» What you are asked to do
Of the records that follow, copy only the lines from the line containing "338.473, 21.527, dxfattribs=at)" to the line containing "blk.add_blockref('_Oblique', (145.24, 73), dxfattribs=at)", both included, exactly as written.

» Supplied data
^^^^

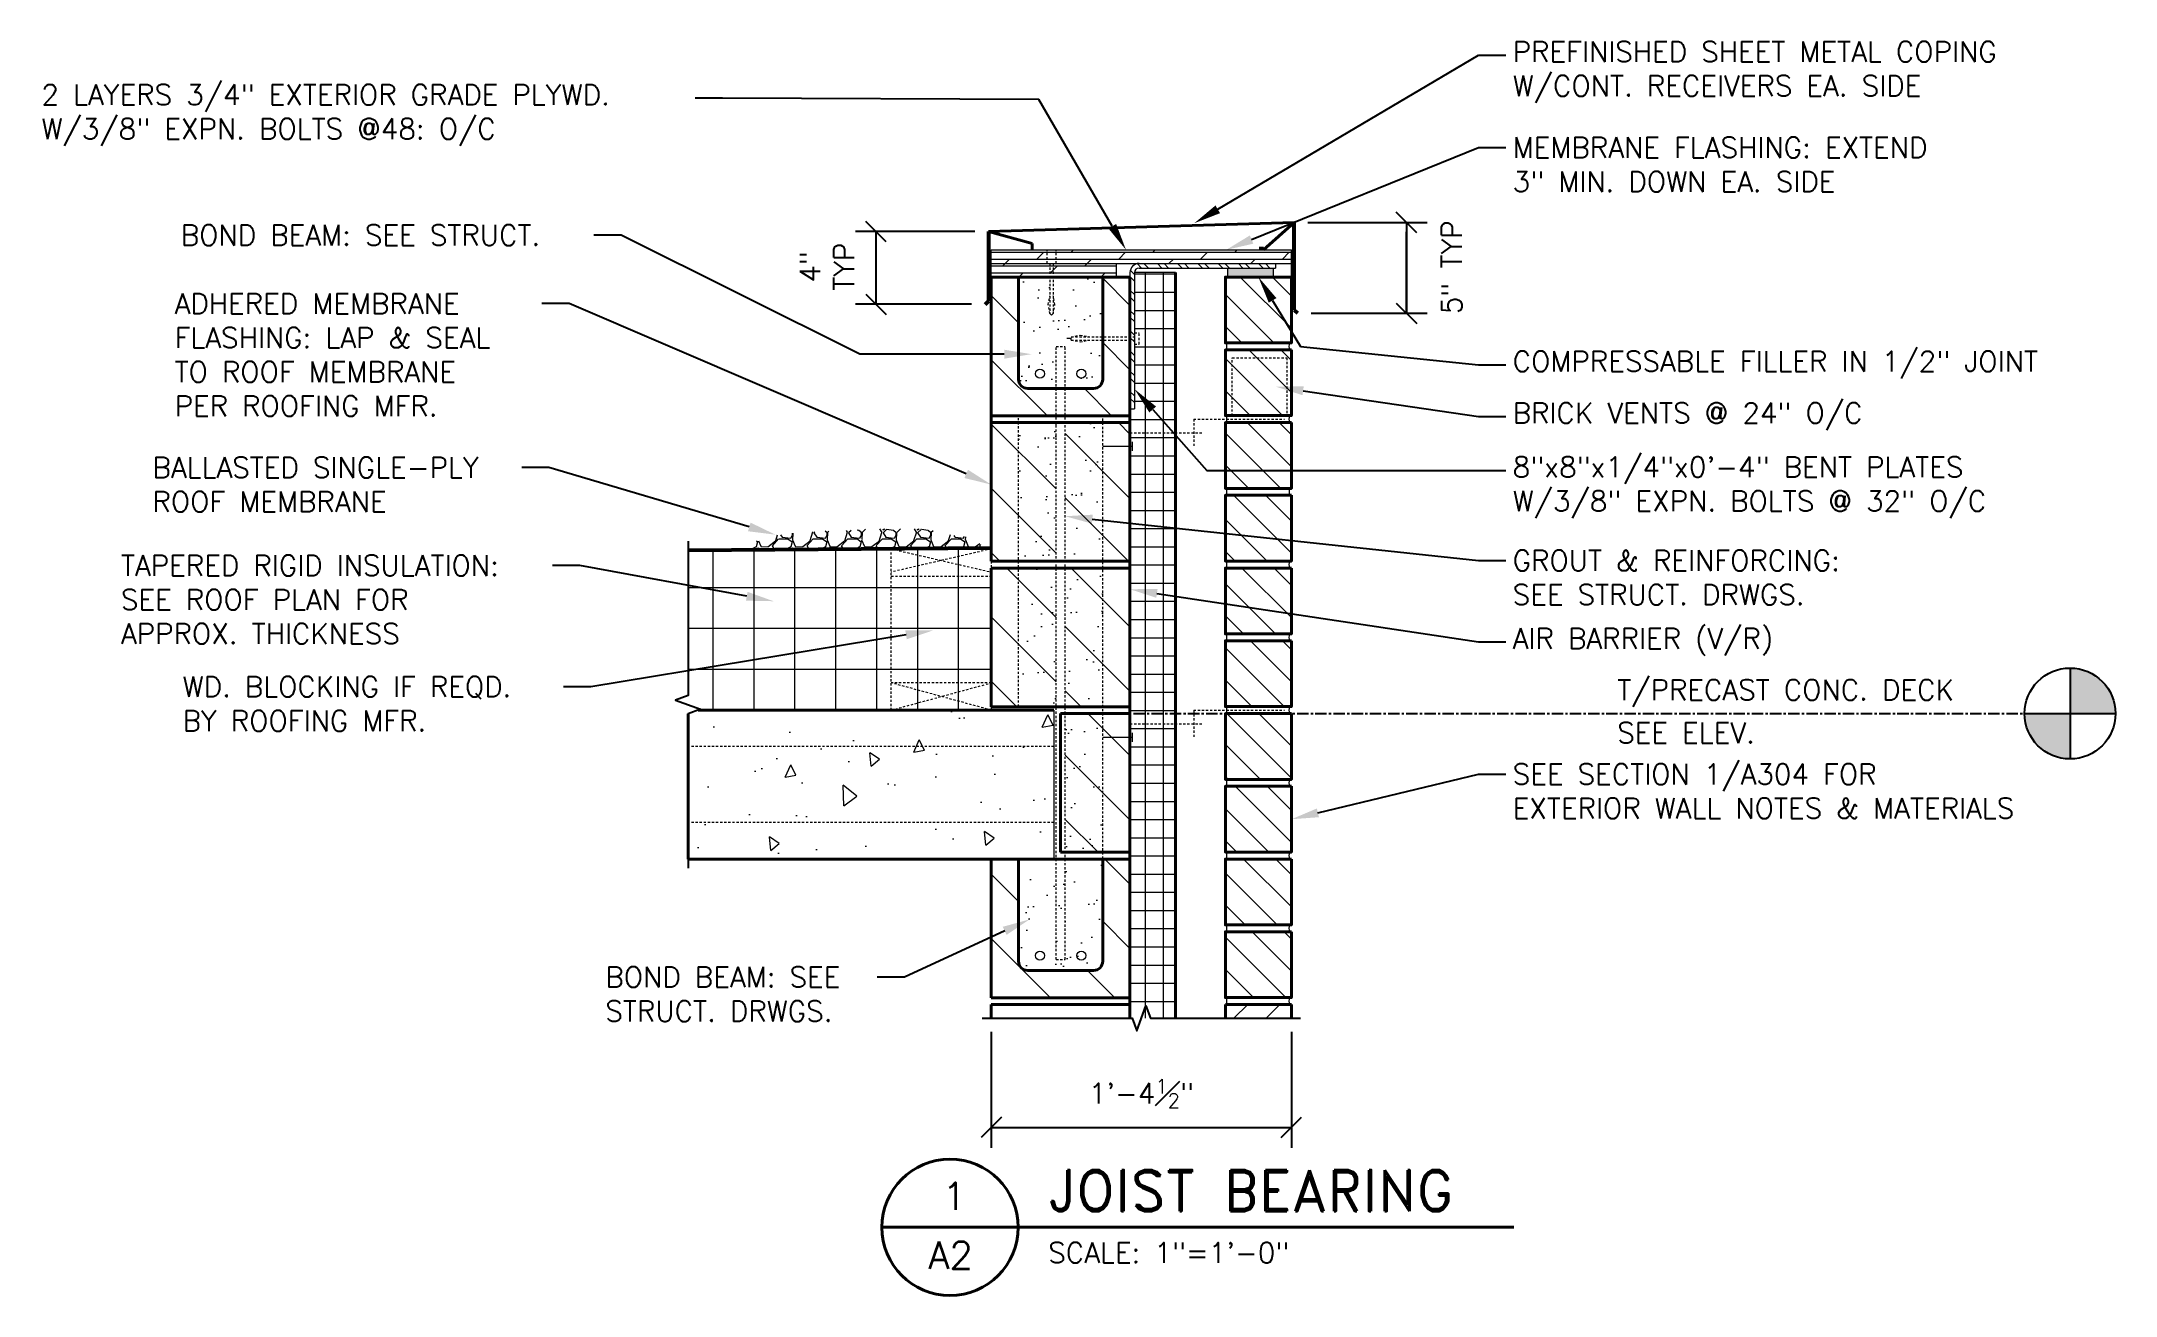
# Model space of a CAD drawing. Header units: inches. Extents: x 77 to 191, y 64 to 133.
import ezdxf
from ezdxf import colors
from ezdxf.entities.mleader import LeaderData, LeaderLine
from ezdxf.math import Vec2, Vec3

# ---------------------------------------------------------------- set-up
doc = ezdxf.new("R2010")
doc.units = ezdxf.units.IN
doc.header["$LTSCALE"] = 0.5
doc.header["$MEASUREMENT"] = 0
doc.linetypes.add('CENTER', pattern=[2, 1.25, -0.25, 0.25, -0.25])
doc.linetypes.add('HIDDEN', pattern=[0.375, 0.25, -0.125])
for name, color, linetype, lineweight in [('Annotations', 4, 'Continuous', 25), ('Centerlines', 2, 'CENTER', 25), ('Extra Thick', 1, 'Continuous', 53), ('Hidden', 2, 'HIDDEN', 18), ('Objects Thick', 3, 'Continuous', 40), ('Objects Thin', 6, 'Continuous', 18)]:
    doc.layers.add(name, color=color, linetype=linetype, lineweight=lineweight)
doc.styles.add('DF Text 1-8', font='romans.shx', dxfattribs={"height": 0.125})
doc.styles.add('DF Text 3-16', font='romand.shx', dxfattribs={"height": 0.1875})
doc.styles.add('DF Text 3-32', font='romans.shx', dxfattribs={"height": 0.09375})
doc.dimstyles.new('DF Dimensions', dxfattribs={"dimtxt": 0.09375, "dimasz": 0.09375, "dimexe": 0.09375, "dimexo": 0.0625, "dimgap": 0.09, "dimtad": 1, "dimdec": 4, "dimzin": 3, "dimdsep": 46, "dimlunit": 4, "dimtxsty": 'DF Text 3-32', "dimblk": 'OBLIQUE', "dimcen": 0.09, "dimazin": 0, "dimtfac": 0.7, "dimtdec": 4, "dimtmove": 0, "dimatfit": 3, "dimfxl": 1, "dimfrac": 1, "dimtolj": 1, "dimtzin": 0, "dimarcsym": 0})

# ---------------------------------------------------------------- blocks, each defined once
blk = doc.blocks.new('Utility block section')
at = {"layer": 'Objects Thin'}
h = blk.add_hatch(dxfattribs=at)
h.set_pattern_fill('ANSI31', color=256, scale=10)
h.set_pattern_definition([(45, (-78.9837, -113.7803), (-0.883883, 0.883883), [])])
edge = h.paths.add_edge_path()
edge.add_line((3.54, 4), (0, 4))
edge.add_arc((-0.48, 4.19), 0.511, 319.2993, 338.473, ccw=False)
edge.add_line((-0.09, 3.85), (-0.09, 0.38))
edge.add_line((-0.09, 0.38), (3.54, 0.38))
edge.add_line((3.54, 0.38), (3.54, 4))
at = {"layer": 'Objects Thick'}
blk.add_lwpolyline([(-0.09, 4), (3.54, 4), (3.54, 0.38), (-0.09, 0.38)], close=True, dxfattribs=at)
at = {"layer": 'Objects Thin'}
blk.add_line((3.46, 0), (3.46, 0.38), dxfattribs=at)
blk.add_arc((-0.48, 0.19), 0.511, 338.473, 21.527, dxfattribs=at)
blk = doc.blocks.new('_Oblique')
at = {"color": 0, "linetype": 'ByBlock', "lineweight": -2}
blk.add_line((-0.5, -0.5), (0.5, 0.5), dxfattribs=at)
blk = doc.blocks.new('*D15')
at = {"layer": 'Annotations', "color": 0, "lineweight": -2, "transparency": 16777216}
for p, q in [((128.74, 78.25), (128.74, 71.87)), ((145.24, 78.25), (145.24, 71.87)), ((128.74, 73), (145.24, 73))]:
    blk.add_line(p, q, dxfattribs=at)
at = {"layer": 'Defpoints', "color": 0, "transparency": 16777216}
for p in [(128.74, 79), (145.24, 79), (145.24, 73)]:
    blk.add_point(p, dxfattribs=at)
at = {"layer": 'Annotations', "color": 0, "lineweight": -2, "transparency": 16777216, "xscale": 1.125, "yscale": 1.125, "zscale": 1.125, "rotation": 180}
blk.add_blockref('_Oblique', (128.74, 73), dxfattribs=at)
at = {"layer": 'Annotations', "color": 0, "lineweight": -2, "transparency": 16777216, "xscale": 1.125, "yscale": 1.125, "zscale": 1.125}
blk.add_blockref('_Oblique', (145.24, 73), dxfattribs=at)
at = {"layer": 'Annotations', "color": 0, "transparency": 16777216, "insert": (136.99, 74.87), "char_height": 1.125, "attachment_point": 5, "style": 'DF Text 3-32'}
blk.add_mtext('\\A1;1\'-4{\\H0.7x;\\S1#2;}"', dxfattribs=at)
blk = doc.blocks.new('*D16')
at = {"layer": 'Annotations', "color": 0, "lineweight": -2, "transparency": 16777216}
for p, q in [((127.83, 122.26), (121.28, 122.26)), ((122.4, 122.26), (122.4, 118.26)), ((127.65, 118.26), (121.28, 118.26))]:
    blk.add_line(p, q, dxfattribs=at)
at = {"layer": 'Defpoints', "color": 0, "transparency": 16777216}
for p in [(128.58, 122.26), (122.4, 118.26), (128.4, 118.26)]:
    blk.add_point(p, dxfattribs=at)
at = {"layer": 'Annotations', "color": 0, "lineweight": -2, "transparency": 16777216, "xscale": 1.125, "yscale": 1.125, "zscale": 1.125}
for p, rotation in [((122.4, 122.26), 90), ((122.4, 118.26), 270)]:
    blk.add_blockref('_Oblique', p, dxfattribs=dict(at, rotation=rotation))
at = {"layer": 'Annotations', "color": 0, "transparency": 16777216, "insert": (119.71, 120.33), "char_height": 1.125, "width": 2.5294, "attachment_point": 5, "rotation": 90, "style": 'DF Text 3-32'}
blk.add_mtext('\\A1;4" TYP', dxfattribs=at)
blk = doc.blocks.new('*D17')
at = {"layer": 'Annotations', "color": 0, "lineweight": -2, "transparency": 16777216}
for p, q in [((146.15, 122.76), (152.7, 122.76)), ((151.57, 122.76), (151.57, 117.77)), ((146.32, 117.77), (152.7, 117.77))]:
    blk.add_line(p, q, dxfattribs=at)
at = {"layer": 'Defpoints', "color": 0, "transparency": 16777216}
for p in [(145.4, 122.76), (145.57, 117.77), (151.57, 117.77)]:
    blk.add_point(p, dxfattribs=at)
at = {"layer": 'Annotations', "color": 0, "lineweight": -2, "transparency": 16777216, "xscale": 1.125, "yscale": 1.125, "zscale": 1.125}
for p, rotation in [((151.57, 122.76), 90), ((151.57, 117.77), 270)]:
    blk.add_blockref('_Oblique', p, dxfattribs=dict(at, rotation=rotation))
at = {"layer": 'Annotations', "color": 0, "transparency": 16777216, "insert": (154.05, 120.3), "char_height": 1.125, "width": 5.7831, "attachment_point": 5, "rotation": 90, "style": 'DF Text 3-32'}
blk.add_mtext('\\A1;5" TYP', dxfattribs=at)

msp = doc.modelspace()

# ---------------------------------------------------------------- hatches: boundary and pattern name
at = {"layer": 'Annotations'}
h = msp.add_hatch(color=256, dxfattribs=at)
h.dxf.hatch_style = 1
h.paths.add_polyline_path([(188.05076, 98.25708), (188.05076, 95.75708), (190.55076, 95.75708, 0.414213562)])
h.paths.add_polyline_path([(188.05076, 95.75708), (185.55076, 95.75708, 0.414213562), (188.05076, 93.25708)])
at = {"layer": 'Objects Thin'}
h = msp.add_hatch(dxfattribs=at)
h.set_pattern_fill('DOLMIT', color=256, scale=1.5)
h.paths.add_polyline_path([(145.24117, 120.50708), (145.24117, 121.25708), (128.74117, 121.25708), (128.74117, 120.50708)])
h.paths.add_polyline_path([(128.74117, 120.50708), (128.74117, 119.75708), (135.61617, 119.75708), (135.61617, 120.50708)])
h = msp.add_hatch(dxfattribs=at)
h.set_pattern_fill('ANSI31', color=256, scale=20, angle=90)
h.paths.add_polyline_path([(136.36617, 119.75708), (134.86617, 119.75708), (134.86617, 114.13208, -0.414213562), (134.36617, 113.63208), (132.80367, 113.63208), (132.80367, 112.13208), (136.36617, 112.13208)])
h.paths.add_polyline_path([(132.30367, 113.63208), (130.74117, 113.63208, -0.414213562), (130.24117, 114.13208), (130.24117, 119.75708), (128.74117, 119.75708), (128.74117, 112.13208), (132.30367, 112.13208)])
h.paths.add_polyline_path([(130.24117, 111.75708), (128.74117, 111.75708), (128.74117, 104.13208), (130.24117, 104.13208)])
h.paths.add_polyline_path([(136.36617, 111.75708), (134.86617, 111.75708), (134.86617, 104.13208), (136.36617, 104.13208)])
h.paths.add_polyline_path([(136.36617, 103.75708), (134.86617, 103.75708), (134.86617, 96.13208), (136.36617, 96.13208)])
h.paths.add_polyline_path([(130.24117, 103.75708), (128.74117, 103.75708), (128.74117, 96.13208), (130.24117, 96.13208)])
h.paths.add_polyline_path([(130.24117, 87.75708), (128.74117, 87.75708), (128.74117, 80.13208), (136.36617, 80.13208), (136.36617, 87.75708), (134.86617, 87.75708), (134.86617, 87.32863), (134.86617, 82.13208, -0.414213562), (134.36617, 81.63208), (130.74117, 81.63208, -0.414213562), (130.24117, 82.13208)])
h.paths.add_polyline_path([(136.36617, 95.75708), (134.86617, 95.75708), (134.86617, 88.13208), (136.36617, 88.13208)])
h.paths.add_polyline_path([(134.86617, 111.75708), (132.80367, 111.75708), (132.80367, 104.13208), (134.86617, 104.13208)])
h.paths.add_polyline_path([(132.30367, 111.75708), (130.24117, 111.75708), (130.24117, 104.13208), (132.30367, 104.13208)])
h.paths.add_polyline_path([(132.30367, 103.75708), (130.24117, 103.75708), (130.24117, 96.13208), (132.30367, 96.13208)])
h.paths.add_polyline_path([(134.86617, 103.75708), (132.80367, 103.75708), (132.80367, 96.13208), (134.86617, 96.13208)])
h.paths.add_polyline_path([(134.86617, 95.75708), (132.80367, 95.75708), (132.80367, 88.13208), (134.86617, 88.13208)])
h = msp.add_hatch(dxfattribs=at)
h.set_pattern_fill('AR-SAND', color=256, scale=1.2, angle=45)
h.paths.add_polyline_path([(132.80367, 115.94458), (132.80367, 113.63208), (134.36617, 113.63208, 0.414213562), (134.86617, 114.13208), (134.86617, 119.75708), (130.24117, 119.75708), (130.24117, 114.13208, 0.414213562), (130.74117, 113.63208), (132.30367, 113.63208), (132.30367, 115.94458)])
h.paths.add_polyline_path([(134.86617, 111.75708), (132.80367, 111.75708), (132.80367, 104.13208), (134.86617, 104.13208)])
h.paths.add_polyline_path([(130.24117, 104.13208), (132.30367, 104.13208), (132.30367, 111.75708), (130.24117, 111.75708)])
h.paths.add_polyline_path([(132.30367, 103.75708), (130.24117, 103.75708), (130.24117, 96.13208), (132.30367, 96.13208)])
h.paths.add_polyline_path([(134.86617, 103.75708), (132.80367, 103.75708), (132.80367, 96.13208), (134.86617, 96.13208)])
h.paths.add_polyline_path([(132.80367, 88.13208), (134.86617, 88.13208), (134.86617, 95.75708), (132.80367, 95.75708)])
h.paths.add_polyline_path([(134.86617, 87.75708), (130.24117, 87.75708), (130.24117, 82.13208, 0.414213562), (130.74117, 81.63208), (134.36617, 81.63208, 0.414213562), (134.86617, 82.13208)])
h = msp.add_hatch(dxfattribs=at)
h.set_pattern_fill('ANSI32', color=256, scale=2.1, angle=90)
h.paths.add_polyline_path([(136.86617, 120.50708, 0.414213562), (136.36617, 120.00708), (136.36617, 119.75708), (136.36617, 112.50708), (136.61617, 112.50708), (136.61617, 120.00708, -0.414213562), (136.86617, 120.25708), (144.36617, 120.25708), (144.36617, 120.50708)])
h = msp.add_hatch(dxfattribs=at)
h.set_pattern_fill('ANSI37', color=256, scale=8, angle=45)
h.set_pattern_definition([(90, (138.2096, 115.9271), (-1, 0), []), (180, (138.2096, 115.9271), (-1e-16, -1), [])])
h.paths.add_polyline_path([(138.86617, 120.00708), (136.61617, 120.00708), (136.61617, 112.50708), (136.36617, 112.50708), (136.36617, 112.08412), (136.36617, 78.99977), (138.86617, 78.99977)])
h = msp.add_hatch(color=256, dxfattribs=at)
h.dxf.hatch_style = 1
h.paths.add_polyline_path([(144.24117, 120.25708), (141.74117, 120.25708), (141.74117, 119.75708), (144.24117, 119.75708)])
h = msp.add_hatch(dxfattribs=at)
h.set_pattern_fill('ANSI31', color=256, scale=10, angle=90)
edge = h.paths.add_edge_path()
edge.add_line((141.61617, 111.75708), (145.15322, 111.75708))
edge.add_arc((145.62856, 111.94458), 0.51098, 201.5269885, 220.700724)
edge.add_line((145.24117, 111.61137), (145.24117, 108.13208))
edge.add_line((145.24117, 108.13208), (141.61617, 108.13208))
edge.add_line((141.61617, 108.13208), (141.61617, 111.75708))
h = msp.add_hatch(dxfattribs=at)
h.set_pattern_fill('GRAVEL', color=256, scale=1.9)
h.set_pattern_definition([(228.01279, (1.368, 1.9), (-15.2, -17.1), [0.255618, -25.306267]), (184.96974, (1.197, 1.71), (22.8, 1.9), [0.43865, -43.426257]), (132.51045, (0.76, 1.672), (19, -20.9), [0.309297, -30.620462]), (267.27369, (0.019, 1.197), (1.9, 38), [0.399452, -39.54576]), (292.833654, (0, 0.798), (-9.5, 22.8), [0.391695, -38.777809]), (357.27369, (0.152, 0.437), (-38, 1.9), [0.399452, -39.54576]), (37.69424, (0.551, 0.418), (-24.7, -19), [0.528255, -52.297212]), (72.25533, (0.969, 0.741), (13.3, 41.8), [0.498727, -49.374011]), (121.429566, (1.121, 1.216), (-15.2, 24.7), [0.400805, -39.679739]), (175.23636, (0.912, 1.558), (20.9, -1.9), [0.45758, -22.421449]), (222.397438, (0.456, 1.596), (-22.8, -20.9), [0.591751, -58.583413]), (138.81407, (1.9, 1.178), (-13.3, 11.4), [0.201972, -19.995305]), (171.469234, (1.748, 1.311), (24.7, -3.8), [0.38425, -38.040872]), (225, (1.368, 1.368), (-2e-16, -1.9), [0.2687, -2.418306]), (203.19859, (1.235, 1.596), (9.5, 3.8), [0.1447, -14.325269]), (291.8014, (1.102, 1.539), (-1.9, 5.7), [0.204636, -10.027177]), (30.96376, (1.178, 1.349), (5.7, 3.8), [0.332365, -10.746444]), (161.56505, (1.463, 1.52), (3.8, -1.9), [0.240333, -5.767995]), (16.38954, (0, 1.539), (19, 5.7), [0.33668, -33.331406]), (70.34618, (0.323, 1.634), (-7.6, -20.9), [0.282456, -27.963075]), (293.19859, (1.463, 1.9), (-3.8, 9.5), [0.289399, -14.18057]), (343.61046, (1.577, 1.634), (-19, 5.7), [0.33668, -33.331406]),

^^^^

» Response box
blk.add_arc((-0.48, 0.19), 0.511, 338.473, 21.527, dxfattribs=at)
blk = doc.blocks.new('_Oblique')
at = {"color": 0, "linetype": 'ByBlock', "lineweight": -2}
blk.add_line((-0.5, -0.5), (0.5, 0.5), dxfattribs=at)
blk = doc.blocks.new('*D15')
at = {"layer": 'Annotations', "color": 0, "lineweight": -2, "transparency": 16777216}
for p, q in [((128.74, 78.25), (128.74, 71.87)), ((145.24, 78.25), (145.24, 71.87)), ((128.74, 73), (145.24, 73))]:
    blk.add_line(p, q, dxfattribs=at)
at = {"layer": 'Defpoints', "color": 0, "transparency": 16777216}
for p in [(128.74, 79), (145.24, 79), (145.24, 73)]:
    blk.add_point(p, dxfattribs=at)
at = {"layer": 'Annotations', "color": 0, "lineweight": -2, "transparency": 16777216, "xscale": 1.125, "yscale": 1.125, "zscale": 1.125, "rotation": 180}
blk.add_blockref('_Oblique', (128.74, 73), dxfattribs=at)
at = {"layer": 'Annotations', "color": 0, "lineweight": -2, "transparency": 16777216, "xscale": 1.125, "yscale": 1.125, "zscale": 1.125}
blk.add_blockref('_Oblique', (145.24, 73), dxfattribs=at)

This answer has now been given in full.